BEGIN

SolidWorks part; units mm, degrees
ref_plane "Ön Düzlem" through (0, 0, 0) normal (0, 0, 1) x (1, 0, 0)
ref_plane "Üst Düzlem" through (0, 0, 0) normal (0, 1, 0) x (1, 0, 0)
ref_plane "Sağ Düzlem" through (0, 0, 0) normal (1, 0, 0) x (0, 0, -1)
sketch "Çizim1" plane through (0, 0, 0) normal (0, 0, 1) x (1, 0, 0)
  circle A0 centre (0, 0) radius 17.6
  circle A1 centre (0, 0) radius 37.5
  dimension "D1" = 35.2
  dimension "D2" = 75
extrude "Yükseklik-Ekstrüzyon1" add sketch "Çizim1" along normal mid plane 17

END

Exercise: The string "radius" marks the lines to return from the material. Copy each one.

Answer to the exercise:
  circle A0 centre (0, 0) radius 17.6
  circle A1 centre (0, 0) radius 37.5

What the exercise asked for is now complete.